(Work item) Isolate every line in the records below with "from" in it.

━━━━━ Excerpted data ━━━━━

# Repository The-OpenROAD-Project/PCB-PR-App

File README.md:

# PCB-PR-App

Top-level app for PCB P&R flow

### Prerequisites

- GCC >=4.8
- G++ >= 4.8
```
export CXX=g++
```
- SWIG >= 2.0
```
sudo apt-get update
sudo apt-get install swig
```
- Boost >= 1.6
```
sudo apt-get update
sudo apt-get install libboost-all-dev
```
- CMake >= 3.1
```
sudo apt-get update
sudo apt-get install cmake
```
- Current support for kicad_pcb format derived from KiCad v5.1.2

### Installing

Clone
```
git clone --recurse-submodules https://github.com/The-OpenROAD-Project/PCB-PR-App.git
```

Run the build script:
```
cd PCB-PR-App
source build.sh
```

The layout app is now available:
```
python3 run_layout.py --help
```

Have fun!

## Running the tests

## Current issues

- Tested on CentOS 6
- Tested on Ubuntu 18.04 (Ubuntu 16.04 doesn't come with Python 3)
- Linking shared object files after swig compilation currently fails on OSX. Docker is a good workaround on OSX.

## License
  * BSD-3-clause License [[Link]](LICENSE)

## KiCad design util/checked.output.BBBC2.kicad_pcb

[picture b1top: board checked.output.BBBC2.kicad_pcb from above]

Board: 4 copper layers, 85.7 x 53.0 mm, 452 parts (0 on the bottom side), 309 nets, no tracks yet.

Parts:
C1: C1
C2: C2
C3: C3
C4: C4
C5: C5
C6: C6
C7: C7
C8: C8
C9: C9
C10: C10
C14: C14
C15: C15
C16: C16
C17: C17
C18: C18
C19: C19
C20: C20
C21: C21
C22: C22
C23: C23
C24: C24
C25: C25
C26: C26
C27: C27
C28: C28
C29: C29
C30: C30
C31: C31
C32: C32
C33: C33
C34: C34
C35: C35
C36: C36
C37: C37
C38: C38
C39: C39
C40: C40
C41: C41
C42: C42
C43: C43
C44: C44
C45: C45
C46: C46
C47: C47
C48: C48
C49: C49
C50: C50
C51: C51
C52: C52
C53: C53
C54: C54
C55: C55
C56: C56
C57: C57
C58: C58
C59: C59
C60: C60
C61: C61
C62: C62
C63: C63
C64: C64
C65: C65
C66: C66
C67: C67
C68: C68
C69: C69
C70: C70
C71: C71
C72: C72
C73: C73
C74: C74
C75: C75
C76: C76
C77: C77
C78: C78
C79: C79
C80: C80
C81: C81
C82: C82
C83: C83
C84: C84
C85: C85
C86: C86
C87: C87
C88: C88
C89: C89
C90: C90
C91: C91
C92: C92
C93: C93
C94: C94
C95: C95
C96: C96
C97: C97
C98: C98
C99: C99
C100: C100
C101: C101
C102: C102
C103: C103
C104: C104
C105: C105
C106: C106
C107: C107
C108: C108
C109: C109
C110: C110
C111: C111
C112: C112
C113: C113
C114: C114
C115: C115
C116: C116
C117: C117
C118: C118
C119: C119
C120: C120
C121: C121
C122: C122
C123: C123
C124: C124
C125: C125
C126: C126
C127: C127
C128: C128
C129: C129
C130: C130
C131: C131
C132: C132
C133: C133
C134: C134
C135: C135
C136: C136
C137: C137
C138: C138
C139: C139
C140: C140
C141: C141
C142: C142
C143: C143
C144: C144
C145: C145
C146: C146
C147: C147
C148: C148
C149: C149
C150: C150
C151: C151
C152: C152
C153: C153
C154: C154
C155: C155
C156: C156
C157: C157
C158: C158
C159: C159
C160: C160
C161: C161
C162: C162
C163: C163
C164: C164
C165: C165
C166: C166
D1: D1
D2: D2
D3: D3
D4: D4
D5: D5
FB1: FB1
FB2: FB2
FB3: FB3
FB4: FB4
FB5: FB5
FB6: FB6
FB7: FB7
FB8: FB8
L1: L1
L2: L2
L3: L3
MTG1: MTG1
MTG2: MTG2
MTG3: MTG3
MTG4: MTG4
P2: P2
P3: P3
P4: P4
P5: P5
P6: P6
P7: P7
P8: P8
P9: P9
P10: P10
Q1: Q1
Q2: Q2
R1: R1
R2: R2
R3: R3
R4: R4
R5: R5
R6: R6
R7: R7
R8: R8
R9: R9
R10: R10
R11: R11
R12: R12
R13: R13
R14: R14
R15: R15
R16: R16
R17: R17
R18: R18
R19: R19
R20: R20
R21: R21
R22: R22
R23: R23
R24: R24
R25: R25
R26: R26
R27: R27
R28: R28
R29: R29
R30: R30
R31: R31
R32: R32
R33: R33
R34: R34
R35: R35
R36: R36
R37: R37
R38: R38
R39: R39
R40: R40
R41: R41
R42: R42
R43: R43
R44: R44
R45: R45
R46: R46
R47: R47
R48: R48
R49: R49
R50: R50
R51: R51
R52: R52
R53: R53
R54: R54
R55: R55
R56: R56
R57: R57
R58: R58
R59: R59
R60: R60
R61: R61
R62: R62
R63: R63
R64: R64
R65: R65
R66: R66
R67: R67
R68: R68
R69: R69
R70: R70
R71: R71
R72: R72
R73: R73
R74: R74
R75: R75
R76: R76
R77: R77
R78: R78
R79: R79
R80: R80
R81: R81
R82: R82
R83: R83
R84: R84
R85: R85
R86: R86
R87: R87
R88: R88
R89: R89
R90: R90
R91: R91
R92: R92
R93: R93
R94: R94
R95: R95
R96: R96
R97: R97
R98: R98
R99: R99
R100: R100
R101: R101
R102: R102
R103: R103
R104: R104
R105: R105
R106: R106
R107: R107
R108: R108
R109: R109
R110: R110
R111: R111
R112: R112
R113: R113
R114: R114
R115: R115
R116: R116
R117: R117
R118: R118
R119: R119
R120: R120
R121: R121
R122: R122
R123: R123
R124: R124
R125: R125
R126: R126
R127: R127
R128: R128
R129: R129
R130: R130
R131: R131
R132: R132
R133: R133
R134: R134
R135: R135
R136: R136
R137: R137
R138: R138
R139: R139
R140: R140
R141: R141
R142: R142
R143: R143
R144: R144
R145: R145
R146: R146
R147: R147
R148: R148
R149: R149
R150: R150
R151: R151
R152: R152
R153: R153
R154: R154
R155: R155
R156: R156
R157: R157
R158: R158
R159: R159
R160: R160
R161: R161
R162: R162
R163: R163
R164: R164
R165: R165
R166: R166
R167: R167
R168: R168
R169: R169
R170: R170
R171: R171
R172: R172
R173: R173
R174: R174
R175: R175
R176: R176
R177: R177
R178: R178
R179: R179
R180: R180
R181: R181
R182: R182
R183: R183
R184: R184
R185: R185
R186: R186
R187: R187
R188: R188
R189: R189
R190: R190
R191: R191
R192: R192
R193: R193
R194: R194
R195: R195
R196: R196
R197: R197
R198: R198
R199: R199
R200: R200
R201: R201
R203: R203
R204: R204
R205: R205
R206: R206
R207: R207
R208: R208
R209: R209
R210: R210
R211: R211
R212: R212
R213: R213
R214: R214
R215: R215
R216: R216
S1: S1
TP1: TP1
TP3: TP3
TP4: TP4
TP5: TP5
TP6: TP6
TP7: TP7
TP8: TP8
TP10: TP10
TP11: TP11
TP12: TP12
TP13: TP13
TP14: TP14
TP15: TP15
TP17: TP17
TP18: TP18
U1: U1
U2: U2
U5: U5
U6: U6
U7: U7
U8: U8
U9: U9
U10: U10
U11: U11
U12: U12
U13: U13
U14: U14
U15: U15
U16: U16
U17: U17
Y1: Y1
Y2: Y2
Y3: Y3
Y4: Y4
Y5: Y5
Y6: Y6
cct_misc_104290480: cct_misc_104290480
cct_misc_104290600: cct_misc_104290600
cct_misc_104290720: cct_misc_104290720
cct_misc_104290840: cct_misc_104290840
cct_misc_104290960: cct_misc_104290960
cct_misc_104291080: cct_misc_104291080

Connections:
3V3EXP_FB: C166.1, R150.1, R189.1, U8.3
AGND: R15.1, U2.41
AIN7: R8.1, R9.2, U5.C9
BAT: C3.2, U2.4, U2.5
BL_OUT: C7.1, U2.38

━━━━━

(Response to this task)
- Current support for kicad_pcb format derived from KiCad v5.1.2
[picture b1top: board checked.output.BBBC2.kicad_pcb from above]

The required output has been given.